Demi Moore is an American actress, who has received 25 award nominations for roles across American film and television, winning 6 of them. These include nominations for a Critics' Choice Movie Award, a Directors Guild of America Award, two Golden Globe Awards, a Primetime Emmy Award and a Screen Actors Guild Award.

Moore made her film debut with the science fiction horror film Parasite (1982), and subsequently appeared on the soap opera General Hospital (1982–1984) and was a short-lived member of the Brat Pack, having roles in Blame It on Rio (1984), St. Elmo's Fire (1985), and About Last Night... (1986). Her role as Molly Jensen in the romantic fantasy thriller film Ghost (1990) garnered her praise; she earned a nomination for the Golden Globe Award for Best Actress – Motion Picture Comedy or Musical, and won the Saturn Award for Best Actress. For her performances in the legal drama film A Few Good Men (1992), the drama film Indecent Proposal (1993), the erotic thriller film Disclosure (1994), the romantic drama film The Scarlet Letter (1995), the action films G.I. Jane (1997) and Charlie's Angels: Full Throttle (2003), Moore obtained a total of nine MTV Movie & TV Award nominations, winning in 1994 for Best Kiss.

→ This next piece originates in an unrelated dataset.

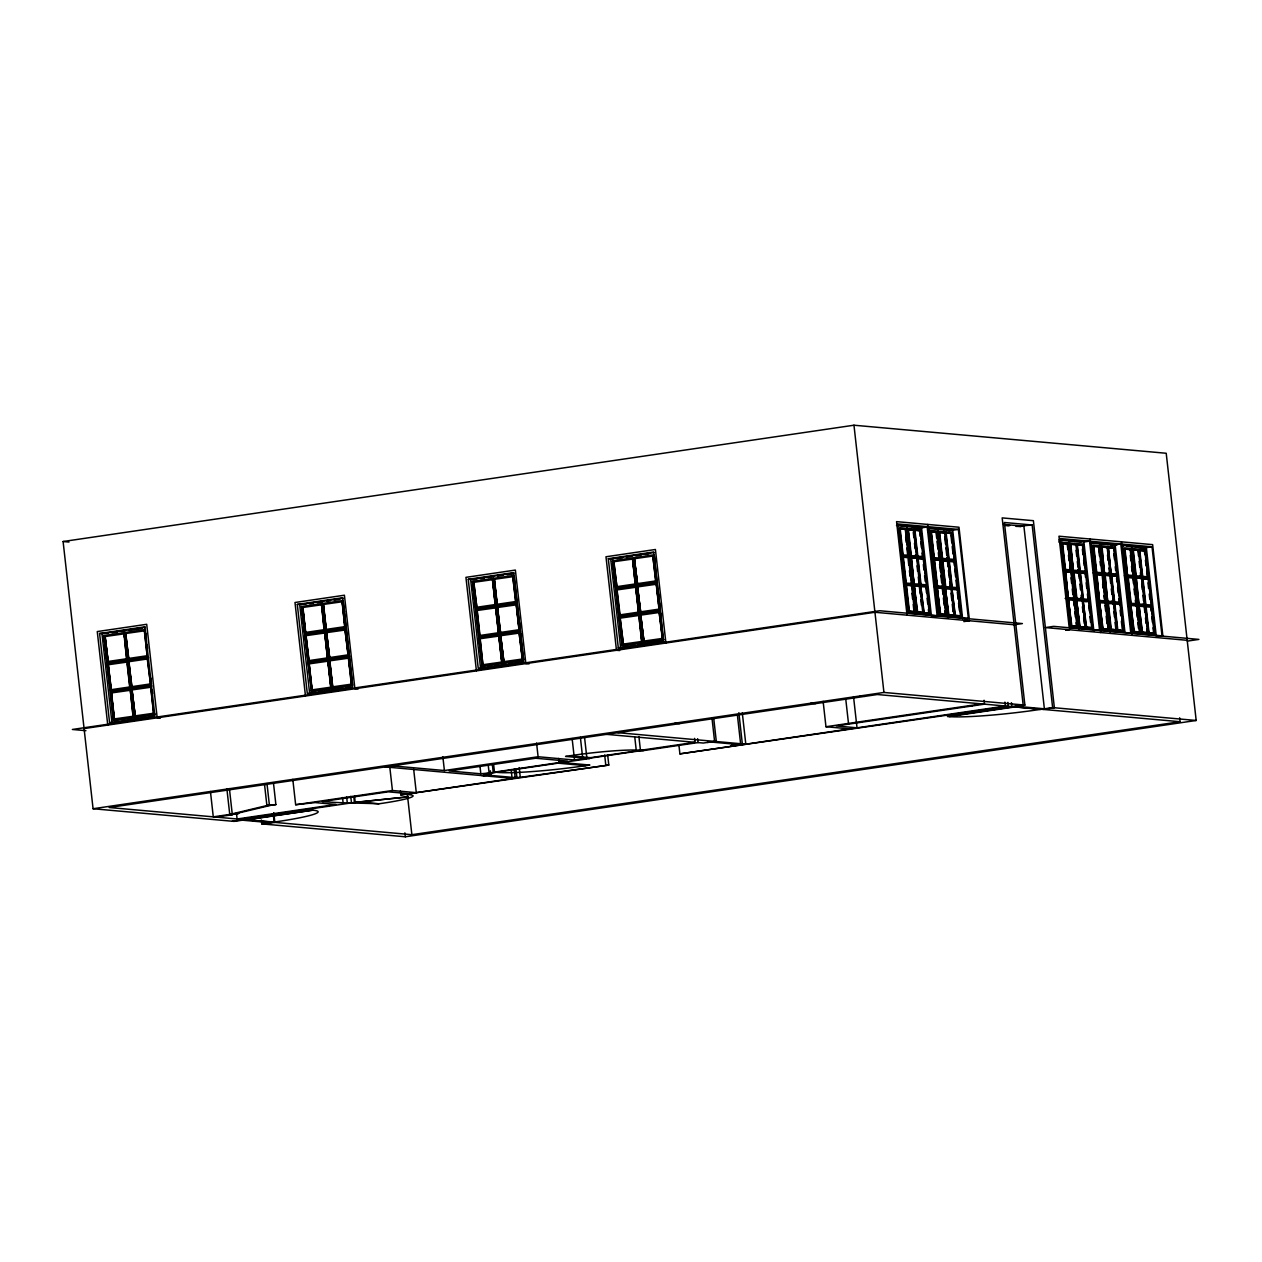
<?xml version="1.0" encoding="UTF-8"?>
<svg xmlns="http://www.w3.org/2000/svg" width="1262" height="1262" viewBox="0 0 1262 1262"><rect width="100%" height="100%" fill="white"/><g stroke="black" fill="none" stroke-linecap="round" stroke-linejoin="round"><path stroke-width="1.5" d="M354.448 802.458L408.083 796.843L354.448 802.458L353.786 796.622M210.439 791.511L213.278 816.845L229.747 814.432L269.374 804.967L275.889 804.604L273.491 783.181M235.947 813.627L270.62 805.361M275.889 804.604L266.897 805.566L264.499 784.191M261.344 820L261.77 823.881L405.323 836.785L1196.187 720.476L1166.214 453.263L853.964 425.215L63.1 541.524L93.072 808.737L234.022 821.388L312.755 810.172A68.148 5.695 -6.4 0 1 273.097 822.225M99.588 633.492L144.893 626.82L154.879 715.901L109.573 722.558L99.588 633.492L108.138 633.366M297.296 604.419L342.617 597.746L352.603 686.828L307.297 693.485L297.296 604.419L305.846 604.293M468.249 579.274L513.555 572.617L523.541 661.682L478.235 668.339L468.249 579.274L471.42 579.558M608.3 558.687L653.606 552.015L663.591 641.096L618.285 647.753L608.3 558.687L613.064 559.113M145.398 627.309L101.97 633.698L111.955 722.779M343.106 598.235L299.693 604.624L309.679 693.706M514.044 573.106L470.631 579.495L480.617 668.56M654.095 552.504L610.682 558.892L620.667 647.974L624.438 647.406M111.908 632.798L117.571 631.978M121.341 631.41L125.127 630.858M128.898 630.306L142.117 628.366M309.616 603.725L313.402 603.173M317.172 602.621L322.835 601.785M326.621 601.233L330.392 600.68M334.162 600.128L339.825 599.292M473.013 579.7L476.784 579.148M480.57 578.595L484.34 578.043M488.11 577.475L493.773 576.655M497.559 576.087L503.222 575.267M506.993 574.699L512.656 573.879M616.834 558.561L622.497 557.725M626.283 557.173L631.947 556.337M635.717 555.785L641.38 554.949M645.15 554.397L648.936 553.829M113.343 720.208L154.958 714.182L113.343 720.208L103.847 635.591L145.035 629.533M301.555 606.517L343.185 600.491L352.682 685.108L311.493 691.166L301.555 606.517L311.493 691.166M523.62 659.979L481.989 665.989L472.509 581.372L514.123 575.362L523.62 659.979L523.194 656.208M622.04 645.403L663.67 639.377L622.04 645.403L612.559 560.785L654.173 554.759L654.804 560.407M104.998 636.553L108.343 662.566L104.998 636.553L123.976 633.855L124.386 637.578M147.48 656.808L128.503 659.505L125.601 633.524L144.562 630.826L147.26 656.792L144.341 630.811M302.722 607.479L305.625 633.461L302.722 607.479L321.684 604.782L322.52 612.212M323.309 604.451L342.286 601.753L345.189 627.735L326.227 630.432L323.309 604.451L326.227 630.432M473.881 582.35L477.004 608.347L473.66 582.334L492.622 579.652L495.319 605.602L492.417 579.637M494.247 579.305L497.165 605.287L494.247 579.305L513.224 576.624L514.265 585.899M613.931 561.764L617.055 587.761L613.711 561.748L632.672 559.05L635.37 585.016L632.467 559.034M634.297 558.719L637.657 584.732L634.297 558.719L653.274 556.021M897.471 525.497L898.512 525.355M905.722 526.238L906.747 526.096L916.527 613.222M898.292 528.888L899.317 528.731L902.062 554.933L903.103 554.791L900.185 528.81L899.159 528.967M912.221 526.822L913.246 526.68M904.791 529.472L905.816 529.314L908.735 555.296L907.709 555.438L906.873 548.023M915.833 528.242L927.16 526.585L937.145 615.651L931.482 616.487M908.956 538.906L907.914 529.63L914.067 530.056L916.969 556.037L915.944 556.179M921.339 527.847L925.109 527.295M913.025 530.214L914.067 530.056M922.033 553.056L922.443 556.763L923.484 556.621L920.566 530.639L914.414 530.214L920.045 530.718L922.964 556.7M920.566 530.639L919.541 530.797L920.156 536.35M936.94 529.046L937.966 528.888L947.967 617.97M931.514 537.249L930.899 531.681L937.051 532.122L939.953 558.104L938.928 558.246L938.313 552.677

Moore attained critical attention for her role in the HBO television film If These Walls Could Talk (1996), which she also executive produced. She received a nomination for the Golden Globe Award for Best Actress – Miniseries or Television Film and the Primetime Emmy Award for Outstanding Television Movie. As part of the ensemble in the drama film Bobby (2006) and the financial thriller film Margin Call (2011), she was given various accolades: for Bobby, she earned a nomination for the Critics' Choice Movie Award for Best Acting Ensemble and the Screen Actors Guild Award for Outstanding Performance by a Cast in a Motion Picture, meanwhile for Margin Call, she won the honorary Robert Altman Award at the Independent Spirit Awards. She made her directorial debut with the comedy-drama anthology television film Five (2011), which earned her a nomination for the Directors Guild of America Award for Outstanding Directing – Miniseries or TV Film.